_DATA FOR REVIEW_
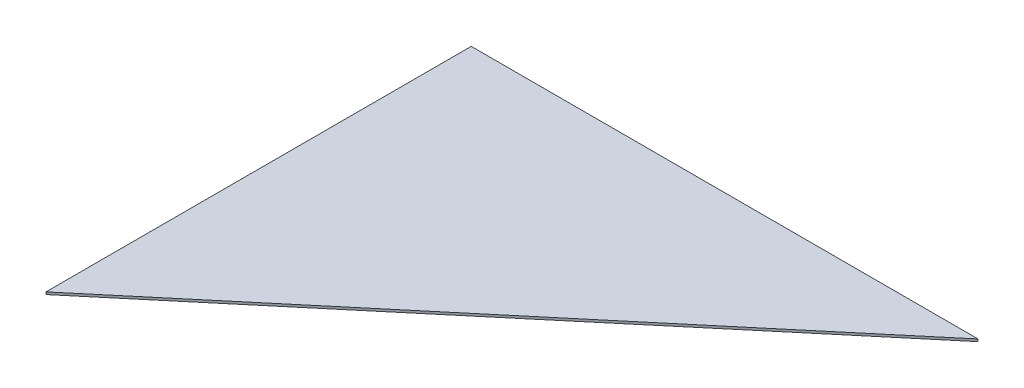
ISO-10303-21;
HEADER;
FILE_DESCRIPTION(('STEP AP214'),'2;1');
FILE_NAME('part.step','',(''),(''),'','','');
FILE_SCHEMA(('AUTOMOTIVE_DESIGN { 1 0 10303 214 1 1 1 1 }'));
ENDSEC;
DATA;
#1=APPLICATION_CONTEXT('core data for automotive mechanical design processes');
#2=APPLICATION_PROTOCOL_DEFINITION('international standard','automotive_design',2000,#1);
#3=PRODUCT_CONTEXT('',#1,'mechanical');
#4=PRODUCT('Part','Part','',(#3));
#5=PRODUCT_RELATED_PRODUCT_CATEGORY('part','',(#4));
#6=PRODUCT_DEFINITION_FORMATION('','',#4);
#7=PRODUCT_DEFINITION_CONTEXT('part definition',#1,'design');
#8=PRODUCT_DEFINITION('design','',#6,#7);
#9=PRODUCT_DEFINITION_SHAPE('','',#8);
#10=(LENGTH_UNIT() NAMED_UNIT(*) SI_UNIT(.MILLI.,.METRE.));
#11=(NAMED_UNIT(*) PLANE_ANGLE_UNIT() SI_UNIT($,.RADIAN.));
#12=(NAMED_UNIT(*) SI_UNIT($,.STERADIAN.) SOLID_ANGLE_UNIT());
#13=UNCERTAINTY_MEASURE_WITH_UNIT(LENGTH_MEASURE(1.E-05),#10,'distance_accuracy_value','');
#14=(GEOMETRIC_REPRESENTATION_CONTEXT(3) GLOBAL_UNCERTAINTY_ASSIGNED_CONTEXT((#13)) GLOBAL_UNIT_ASSIGNED_CONTEXT((#10,
#11,#12)) REPRESENTATION_CONTEXT('',''));
#15=CARTESIAN_POINT('',(0.,0.,0.));
#16=DIRECTION('',(0.,0.,1.));
#17=DIRECTION('',(1.,0.,0.));
#18=AXIS2_PLACEMENT_3D('',#15,#16,#17);
#19=CARTESIAN_POINT('',(553.75474691391,-6.35,574.675));
#20=DIRECTION('',(-1.,0.,0.));
#21=DIRECTION('',(0.,0.,1.));
#22=AXIS2_PLACEMENT_3D('',#19,#20,#21);
#23=PLANE('',#22);
#24=DIRECTION('',(0.,0.,1.));
#25=VECTOR('',#24,1.);
#26=CARTESIAN_POINT('',(553.75474691391,0.,574.675));
#27=LINE('',#26,#25);
#28=CARTESIAN_POINT('',(553.75474691391,0.,0.));
#29=VERTEX_POINT('',#28);
#30=CARTESIAN_POINT('',(553.75474691391,0.,1149.35));
#31=VERTEX_POINT('',#30);
#32=EDGE_CURVE('E62',#29,#31,#27,.T.);
#33=ORIENTED_EDGE('',*,*,#32,.F.);
#34=DIRECTION('',(0.,1.,0.));
#35=VECTOR('',#34,1.);
#36=CARTESIAN_POINT('',(553.75474691391,-6.35,0.));
#37=LINE('',#36,#35);
#38=CARTESIAN_POINT('',(553.75474691391,-6.35,0.));
#39=VERTEX_POINT('',#38);
#40=EDGE_CURVE('E11',#39,#29,#37,.T.);
#41=ORIENTED_EDGE('',*,*,#40,.F.);
#42=DIRECTION('',(0.,0.,1.));
#43=VECTOR('',#42,1.);
#44=CARTESIAN_POINT('',(553.75474691391,-6.35,574.675));
#45=LINE('',#44,#43);
#46=CARTESIAN_POINT('',(553.75474691391,-6.35,1149.35));
#47=VERTEX_POINT('',#46);
#48=EDGE_CURVE('E60',#39,#47,#45,.T.);
#49=ORIENTED_EDGE('',*,*,#48,.T.);
#50=DIRECTION('',(0.,1.,0.));
#51=VECTOR('',#50,1.);
#52=CARTESIAN_POINT('',(553.75474691391,-6.35,1149.35));
#53=LINE('',#52,#51);
#54=EDGE_CURVE('E38',#47,#31,#53,.T.);
#55=ORIENTED_EDGE('',*,*,#54,.T.);
#56=EDGE_LOOP('',(#33,#41,#49,#55));
#57=FACE_BOUND('',#56,.T.);
#58=ADVANCED_FACE('F16',(#57),#23,.T.);
#59=CARTESIAN_POINT('',(1238.62574273799,-6.35,0.));
#60=DIRECTION('',(0.,0.,-1.));
#61=DIRECTION('',(-1.,0.,0.));
#62=AXIS2_PLACEMENT_3D('',#59,#60,#61);
#63=PLANE('',#62);
#64=DIRECTION('',(-1.,0.,0.));
#65=VECTOR('',#64,1.);
#66=CARTESIAN_POINT('',(1238.62574273799,0.,0.));
#67=LINE('',#66,#65);
#68=CARTESIAN_POINT('',(1923.49673856207,0.,-2.20388805938073E-13));
#69=VERTEX_POINT('',#68);
#70=EDGE_CURVE('E85',#69,#29,#67,.T.);
#71=ORIENTED_EDGE('',*,*,#70,.F.);
#72=DIRECTION('',(0.,1.,0.));
#73=VECTOR('',#72,1.);
#74=CARTESIAN_POINT('',(1923.49673856207,-6.35,-2.20388805938073E-13));
#75=LINE('',#74,#73);
#76=CARTESIAN_POINT('',(1923.49673856207,-6.35,-2.20388805938073E-13));
#77=VERTEX_POINT('',#76);
#78=EDGE_CURVE('E25',#77,#69,#75,.T.);
#79=ORIENTED_EDGE('',*,*,#78,.F.);
#80=DIRECTION('',(-1.,0.,0.));
#81=VECTOR('',#80,1.);
#82=CARTESIAN_POINT('',(1238.62574273799,-6.35,0.));
#83=LINE('',#82,#81);
#84=EDGE_CURVE('E69',#77,#39,#83,.T.);
#85=ORIENTED_EDGE('',*,*,#84,.T.);
#86=ORIENTED_EDGE('',*,*,#40,.T.);
#87=EDGE_LOOP('',(#71,#79,#85,#86));
#88=FACE_BOUND('',#87,.T.);
#89=ADVANCED_FACE('F74',(#88),#63,.T.);
#90=CARTESIAN_POINT('',(1238.62574273799,-6.35,574.675));
#91=DIRECTION('',(0.642787609686539,0.,0.766044443118978));
#92=DIRECTION('',(0.766044443118978,0.,-0.642787609686539));
#93=AXIS2_PLACEMENT_3D('',#90,#91,#92);
#94=PLANE('',#93);
#95=DIRECTION('',(0.766044443118978,0.,-0.642787609686539));
#96=VECTOR('',#95,1.);
#97=CARTESIAN_POINT('',(1238.62574273799,0.,574.675));
#98=LINE('',#97,#96);
#99=EDGE_CURVE('E72',#31,#69,#98,.T.);
#100=ORIENTED_EDGE('',*,*,#99,.F.);
#101=ORIENTED_EDGE('',*,*,#54,.F.);
#102=DIRECTION('',(0.766044443118978,0.,-0.642787609686539));
#103=VECTOR('',#102,1.);
#104=CARTESIAN_POINT('',(1238.62574273799,-6.35,574.675));
#105=LINE('',#104,#103);
#106=EDGE_CURVE('E70',#47,#77,#105,.T.);
#107=ORIENTED_EDGE('',*,*,#106,.T.);
#108=ORIENTED_EDGE('',*,*,#78,.T.);
#109=EDGE_LOOP('',(#100,#101,#107,#108));
#110=FACE_BOUND('',#109,.T.);
#111=ADVANCED_FACE('F105',(#110),#94,.T.);
#112=CARTESIAN_POINT('',(1238.62574273799,-6.35,574.675));
#113=DIRECTION('',(0.,-1.,0.));
#114=DIRECTION('',(1.,0.,0.));
#115=AXIS2_PLACEMENT_3D('',#112,#113,#114);
#116=PLANE('',#115);
#117=ORIENTED_EDGE('',*,*,#48,.F.);
#118=ORIENTED_EDGE('',*,*,#84,.F.);
#119=ORIENTED_EDGE('',*,*,#106,.F.);
#120=EDGE_LOOP('',(#117,#118,#119));
#121=FACE_BOUND('',#120,.T.);
#122=ADVANCED_FACE('F68',(#121),#116,.T.);
#123=CARTESIAN_POINT('',(1238.62574273799,0.,574.675));
#124=DIRECTION('',(0.,-1.,0.));
#125=DIRECTION('',(1.,0.,0.));
#126=AXIS2_PLACEMENT_3D('',#123,#124,#125);
#127=PLANE('',#126);
#128=ORIENTED_EDGE('',*,*,#32,.T.);
#129=ORIENTED_EDGE('',*,*,#99,.T.);
#130=ORIENTED_EDGE('',*,*,#70,.T.);
#131=EDGE_LOOP('',(#128,#129,#130));
#132=FACE_BOUND('',#131,.T.);
#133=ADVANCED_FACE('F104',(#132),#127,.F.);
#134=CLOSED_SHELL('',(#58,#89,#111,#122,#133));
#135=MANIFOLD_SOLID_BREP('B1',#134);
#136=ADVANCED_BREP_SHAPE_REPRESENTATION('',(#18,#135),#14);
#137=SHAPE_DEFINITION_REPRESENTATION(#9,#136);
ENDSEC;
END-ISO-10303-21;

_REQUIRED ACTION_
Above are the records; print exactly the lines from the line with "#104=CARTESIAN_POINT('',(1238.62574273799,-6.35,574.675));" to the line with "#131=EDGE_LOOP('',(#128,#129,#130));", including both, and nothing else.

_EXERCISE RESULT_
#104=CARTESIAN_POINT('',(1238.62574273799,-6.35,574.675));
#105=LINE('',#104,#103);
#106=EDGE_CURVE('E70',#47,#77,#105,.T.);
#107=ORIENTED_EDGE('',*,*,#106,.T.);
#108=ORIENTED_EDGE('',*,*,#78,.T.);
#109=EDGE_LOOP('',(#100,#101,#107,#108));
#110=FACE_BOUND('',#109,.T.);
#111=ADVANCED_FACE('F105',(#110),#94,.T.);
#112=CARTESIAN_POINT('',(1238.62574273799,-6.35,574.675));
#113=DIRECTION('',(0.,-1.,0.));
#114=DIRECTION('',(1.,0.,0.));
#115=AXIS2_PLACEMENT_3D('',#112,#113,#114);
#116=PLANE('',#115);
#117=ORIENTED_EDGE('',*,*,#48,.F.);
#118=ORIENTED_EDGE('',*,*,#84,.F.);
#119=ORIENTED_EDGE('',*,*,#106,.F.);
#120=EDGE_LOOP('',(#117,#118,#119));
#121=FACE_BOUND('',#120,.T.);
#122=ADVANCED_FACE('F68',(#121),#116,.T.);
#123=CARTESIAN_POINT('',(1238.62574273799,0.,574.675));
#124=DIRECTION('',(0.,-1.,0.));
#125=DIRECTION('',(1.,0.,0.));
#126=AXIS2_PLACEMENT_3D('',#123,#124,#125);
#127=PLANE('',#126);
#128=ORIENTED_EDGE('',*,*,#32,.T.);
#129=ORIENTED_EDGE('',*,*,#99,.T.);
#130=ORIENTED_EDGE('',*,*,#70,.T.);
#131=EDGE_LOOP('',(#128,#129,#130));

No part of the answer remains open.